- **What the task requires**: Lines in the listing below that include the word "RequeteCV" need to be copied.

╭─ Data provided

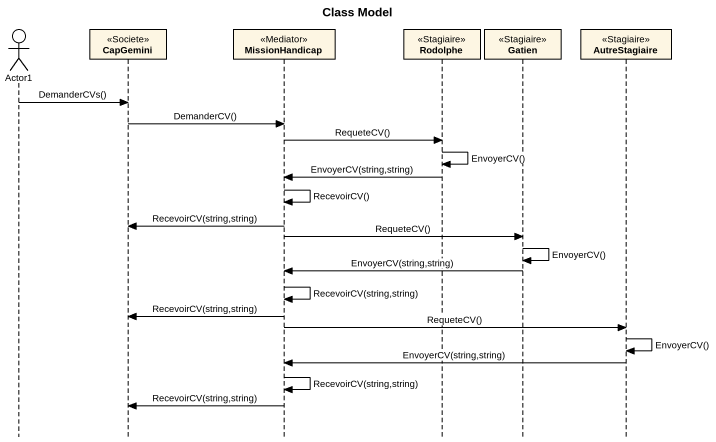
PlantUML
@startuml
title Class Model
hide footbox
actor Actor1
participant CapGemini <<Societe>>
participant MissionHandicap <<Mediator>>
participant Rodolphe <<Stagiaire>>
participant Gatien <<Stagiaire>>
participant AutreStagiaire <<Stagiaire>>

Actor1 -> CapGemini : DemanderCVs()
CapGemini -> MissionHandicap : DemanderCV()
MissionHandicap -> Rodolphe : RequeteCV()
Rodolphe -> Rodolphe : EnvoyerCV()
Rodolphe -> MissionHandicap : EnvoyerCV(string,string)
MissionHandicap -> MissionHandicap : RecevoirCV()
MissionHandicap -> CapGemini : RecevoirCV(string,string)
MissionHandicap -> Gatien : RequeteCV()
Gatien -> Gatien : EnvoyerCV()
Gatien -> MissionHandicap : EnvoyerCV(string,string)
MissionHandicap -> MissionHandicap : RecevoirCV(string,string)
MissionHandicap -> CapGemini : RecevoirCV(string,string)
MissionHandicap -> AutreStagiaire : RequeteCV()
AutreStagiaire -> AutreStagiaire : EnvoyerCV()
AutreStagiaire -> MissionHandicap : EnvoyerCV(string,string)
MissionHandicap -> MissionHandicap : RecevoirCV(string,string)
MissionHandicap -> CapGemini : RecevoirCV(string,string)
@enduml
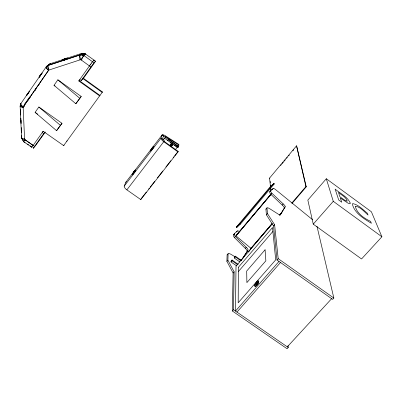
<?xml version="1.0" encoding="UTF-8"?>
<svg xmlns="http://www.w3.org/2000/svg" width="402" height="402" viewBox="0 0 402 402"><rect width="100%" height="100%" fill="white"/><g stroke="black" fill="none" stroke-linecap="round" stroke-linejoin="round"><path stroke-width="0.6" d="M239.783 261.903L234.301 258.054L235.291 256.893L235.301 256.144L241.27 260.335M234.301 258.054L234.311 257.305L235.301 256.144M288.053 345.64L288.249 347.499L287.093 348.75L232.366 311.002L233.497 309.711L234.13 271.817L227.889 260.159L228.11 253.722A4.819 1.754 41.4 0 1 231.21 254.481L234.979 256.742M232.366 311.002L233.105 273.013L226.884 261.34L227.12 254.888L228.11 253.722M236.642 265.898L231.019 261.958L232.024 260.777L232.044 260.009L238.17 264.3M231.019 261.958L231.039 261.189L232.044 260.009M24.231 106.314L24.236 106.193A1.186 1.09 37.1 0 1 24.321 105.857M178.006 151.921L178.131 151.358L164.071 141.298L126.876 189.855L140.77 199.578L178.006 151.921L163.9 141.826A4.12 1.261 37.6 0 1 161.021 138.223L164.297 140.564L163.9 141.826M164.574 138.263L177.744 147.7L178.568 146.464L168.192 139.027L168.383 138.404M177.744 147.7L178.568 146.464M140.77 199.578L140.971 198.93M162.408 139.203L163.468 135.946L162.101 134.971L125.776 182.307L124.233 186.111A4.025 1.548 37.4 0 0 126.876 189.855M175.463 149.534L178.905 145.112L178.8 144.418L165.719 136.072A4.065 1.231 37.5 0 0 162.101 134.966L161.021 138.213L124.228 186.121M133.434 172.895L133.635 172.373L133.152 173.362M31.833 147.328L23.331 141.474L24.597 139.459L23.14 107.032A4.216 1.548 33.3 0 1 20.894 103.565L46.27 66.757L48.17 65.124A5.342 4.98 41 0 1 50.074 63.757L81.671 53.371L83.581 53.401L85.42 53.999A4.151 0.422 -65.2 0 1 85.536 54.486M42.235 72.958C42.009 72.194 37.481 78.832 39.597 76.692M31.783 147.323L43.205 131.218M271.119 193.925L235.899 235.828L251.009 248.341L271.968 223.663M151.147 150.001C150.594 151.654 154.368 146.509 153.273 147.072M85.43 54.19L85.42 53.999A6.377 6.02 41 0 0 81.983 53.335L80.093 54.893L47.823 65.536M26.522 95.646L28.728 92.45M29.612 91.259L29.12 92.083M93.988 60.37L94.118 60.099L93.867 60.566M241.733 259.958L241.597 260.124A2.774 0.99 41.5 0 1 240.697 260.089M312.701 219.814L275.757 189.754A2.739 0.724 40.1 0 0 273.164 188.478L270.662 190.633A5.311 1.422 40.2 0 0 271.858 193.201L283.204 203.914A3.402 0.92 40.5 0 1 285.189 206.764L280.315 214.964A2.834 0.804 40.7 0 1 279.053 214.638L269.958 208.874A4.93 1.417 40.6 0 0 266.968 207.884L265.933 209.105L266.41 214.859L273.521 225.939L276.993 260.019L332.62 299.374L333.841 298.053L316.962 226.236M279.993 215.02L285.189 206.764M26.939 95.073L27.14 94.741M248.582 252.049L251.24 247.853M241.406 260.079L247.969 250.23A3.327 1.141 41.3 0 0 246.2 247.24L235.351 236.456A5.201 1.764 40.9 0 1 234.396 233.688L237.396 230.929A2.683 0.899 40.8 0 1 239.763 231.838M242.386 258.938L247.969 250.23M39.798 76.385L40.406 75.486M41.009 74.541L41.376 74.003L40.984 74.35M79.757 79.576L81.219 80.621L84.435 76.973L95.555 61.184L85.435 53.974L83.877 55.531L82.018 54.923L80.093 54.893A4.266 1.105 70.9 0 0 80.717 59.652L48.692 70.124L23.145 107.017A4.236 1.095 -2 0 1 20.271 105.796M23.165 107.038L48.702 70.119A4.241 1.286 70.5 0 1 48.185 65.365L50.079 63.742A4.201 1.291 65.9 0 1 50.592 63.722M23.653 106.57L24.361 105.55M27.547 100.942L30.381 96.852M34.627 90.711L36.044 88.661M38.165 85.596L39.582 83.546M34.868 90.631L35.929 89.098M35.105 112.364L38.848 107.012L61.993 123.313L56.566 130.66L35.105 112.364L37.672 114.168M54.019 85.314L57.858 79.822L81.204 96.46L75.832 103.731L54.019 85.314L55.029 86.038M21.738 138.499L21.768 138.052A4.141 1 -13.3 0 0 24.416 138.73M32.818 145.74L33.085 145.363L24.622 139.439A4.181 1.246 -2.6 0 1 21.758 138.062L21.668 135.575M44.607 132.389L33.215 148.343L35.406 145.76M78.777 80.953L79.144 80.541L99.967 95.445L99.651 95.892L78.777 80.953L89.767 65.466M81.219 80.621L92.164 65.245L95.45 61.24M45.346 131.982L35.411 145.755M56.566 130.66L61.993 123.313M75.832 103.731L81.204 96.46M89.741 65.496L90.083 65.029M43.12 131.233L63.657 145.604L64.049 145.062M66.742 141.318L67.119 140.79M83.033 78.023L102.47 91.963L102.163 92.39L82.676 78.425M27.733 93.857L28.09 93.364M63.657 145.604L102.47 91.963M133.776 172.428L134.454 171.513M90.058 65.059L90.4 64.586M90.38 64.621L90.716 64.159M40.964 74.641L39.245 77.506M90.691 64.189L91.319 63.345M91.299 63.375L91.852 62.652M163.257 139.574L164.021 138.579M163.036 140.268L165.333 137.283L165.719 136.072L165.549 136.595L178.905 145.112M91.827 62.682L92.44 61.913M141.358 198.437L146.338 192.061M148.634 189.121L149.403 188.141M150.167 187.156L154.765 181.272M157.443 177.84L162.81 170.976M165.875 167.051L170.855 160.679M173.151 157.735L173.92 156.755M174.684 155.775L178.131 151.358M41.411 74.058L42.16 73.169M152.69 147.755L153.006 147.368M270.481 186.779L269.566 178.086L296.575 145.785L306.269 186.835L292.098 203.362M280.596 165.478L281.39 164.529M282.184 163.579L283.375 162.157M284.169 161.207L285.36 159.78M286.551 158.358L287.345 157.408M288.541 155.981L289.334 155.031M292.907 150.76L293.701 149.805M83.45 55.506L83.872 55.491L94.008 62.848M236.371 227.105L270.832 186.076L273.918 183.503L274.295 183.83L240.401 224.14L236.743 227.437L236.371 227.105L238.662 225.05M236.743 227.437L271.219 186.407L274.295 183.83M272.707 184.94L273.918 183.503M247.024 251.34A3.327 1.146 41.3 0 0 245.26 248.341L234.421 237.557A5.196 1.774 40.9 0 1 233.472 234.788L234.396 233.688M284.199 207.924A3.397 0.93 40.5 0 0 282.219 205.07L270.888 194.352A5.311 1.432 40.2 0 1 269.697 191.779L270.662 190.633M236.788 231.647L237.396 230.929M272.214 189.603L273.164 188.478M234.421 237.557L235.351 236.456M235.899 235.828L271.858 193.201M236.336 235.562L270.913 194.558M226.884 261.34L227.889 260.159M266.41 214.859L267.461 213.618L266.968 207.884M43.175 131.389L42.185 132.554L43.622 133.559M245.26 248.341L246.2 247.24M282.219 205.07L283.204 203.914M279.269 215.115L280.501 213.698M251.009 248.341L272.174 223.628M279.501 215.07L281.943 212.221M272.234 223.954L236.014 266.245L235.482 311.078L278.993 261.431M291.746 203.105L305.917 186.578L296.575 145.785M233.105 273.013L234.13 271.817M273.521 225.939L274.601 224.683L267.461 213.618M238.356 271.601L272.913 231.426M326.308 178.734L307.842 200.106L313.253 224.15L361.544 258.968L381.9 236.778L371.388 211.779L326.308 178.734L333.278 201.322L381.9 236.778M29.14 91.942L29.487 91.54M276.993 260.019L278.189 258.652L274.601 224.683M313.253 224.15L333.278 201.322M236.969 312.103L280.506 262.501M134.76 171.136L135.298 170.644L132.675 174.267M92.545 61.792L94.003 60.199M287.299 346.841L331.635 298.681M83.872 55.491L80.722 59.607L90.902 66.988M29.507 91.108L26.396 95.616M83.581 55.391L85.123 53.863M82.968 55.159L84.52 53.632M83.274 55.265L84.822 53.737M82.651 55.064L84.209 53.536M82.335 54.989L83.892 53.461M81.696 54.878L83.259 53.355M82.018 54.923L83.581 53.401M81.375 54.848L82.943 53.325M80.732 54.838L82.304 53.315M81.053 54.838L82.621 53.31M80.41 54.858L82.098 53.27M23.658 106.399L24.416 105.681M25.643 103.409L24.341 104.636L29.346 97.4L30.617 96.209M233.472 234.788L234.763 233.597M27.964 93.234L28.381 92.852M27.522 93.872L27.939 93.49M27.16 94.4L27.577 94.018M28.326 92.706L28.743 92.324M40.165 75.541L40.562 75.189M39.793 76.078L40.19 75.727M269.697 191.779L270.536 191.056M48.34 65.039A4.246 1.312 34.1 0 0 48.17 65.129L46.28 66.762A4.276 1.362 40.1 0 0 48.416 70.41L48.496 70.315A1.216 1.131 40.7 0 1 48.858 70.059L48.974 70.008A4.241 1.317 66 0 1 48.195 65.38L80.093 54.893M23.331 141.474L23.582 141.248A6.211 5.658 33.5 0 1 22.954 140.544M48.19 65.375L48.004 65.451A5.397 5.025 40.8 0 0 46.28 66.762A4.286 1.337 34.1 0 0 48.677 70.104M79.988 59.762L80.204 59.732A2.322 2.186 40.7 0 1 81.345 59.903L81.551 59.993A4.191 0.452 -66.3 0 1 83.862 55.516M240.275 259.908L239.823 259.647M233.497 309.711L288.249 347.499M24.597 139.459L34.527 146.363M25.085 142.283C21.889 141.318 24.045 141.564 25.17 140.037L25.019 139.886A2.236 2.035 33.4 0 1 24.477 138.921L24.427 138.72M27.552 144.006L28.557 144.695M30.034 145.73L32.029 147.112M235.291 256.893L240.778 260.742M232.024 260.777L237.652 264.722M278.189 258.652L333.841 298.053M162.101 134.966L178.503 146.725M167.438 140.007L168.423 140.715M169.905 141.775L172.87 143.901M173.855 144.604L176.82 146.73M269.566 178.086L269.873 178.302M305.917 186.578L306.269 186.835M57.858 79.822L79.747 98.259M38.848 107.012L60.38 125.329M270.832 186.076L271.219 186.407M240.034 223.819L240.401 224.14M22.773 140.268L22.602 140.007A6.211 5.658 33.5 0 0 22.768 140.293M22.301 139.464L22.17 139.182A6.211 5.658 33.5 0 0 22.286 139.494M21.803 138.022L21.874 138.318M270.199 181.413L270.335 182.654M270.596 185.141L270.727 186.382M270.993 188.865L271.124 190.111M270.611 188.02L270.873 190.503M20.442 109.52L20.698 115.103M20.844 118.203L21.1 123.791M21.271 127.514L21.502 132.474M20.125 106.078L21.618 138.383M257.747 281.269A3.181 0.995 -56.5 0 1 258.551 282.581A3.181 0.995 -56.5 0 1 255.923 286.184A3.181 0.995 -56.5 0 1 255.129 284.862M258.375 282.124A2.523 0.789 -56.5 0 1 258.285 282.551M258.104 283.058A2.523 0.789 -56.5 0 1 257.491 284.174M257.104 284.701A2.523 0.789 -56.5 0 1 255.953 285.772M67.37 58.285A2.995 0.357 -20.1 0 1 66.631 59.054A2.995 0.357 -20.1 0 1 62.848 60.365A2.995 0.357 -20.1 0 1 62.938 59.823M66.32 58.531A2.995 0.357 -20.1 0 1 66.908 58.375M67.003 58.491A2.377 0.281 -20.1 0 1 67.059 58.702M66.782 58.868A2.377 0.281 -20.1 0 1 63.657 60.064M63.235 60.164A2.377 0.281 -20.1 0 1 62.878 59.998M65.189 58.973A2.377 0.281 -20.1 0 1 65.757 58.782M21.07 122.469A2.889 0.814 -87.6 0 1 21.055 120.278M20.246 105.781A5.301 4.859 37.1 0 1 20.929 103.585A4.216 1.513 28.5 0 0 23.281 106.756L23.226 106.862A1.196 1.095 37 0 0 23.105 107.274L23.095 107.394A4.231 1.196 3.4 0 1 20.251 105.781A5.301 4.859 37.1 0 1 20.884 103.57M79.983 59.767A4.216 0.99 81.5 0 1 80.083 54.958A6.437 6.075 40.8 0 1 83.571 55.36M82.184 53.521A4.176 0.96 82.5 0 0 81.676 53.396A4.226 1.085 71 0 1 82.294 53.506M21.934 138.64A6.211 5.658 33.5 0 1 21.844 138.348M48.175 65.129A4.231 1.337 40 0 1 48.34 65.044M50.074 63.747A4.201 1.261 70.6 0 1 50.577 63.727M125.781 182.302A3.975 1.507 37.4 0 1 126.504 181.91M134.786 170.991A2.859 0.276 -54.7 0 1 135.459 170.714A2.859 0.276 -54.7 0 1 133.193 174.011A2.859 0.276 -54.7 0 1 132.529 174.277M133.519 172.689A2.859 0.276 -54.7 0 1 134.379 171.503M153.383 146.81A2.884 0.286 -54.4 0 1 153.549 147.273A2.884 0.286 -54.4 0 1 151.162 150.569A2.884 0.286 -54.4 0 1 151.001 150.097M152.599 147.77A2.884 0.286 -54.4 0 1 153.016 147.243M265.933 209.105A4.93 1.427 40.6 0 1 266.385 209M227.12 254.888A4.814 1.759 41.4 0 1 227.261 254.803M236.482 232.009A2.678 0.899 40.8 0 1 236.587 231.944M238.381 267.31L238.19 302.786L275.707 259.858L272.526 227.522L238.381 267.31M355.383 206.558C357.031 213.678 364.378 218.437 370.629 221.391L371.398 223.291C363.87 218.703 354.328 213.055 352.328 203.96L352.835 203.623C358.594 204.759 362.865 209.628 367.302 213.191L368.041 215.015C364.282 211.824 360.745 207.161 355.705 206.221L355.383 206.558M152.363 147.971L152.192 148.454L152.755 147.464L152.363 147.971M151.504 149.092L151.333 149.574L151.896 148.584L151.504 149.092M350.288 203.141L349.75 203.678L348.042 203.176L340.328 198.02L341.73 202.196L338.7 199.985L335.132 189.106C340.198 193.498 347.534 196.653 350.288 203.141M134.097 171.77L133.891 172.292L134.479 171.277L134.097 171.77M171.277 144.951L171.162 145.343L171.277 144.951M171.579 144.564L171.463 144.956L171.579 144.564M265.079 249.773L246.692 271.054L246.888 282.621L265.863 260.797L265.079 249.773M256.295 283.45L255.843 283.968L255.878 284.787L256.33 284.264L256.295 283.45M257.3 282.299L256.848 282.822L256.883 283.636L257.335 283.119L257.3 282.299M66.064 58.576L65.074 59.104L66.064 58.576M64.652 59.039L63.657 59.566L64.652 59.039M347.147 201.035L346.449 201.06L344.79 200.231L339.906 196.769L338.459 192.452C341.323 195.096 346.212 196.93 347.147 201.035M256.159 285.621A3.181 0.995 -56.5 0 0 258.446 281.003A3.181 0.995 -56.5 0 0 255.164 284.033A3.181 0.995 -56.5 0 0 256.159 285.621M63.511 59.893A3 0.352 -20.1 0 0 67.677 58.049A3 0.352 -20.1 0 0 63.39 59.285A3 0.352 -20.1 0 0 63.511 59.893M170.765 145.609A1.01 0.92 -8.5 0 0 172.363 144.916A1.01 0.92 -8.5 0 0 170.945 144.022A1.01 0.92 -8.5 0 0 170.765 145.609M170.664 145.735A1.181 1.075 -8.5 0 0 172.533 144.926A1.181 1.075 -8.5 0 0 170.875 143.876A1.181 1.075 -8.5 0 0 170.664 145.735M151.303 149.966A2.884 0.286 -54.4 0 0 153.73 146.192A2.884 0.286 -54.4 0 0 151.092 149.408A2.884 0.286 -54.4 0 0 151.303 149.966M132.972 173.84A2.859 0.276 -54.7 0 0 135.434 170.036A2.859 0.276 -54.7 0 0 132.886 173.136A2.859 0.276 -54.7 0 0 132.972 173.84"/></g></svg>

╰─

- **Task solution**:
MissionHandicap -> Rodolphe : RequeteCV()
MissionHandicap -> Gatien : RequeteCV()
MissionHandicap -> AutreStagiaire : RequeteCV()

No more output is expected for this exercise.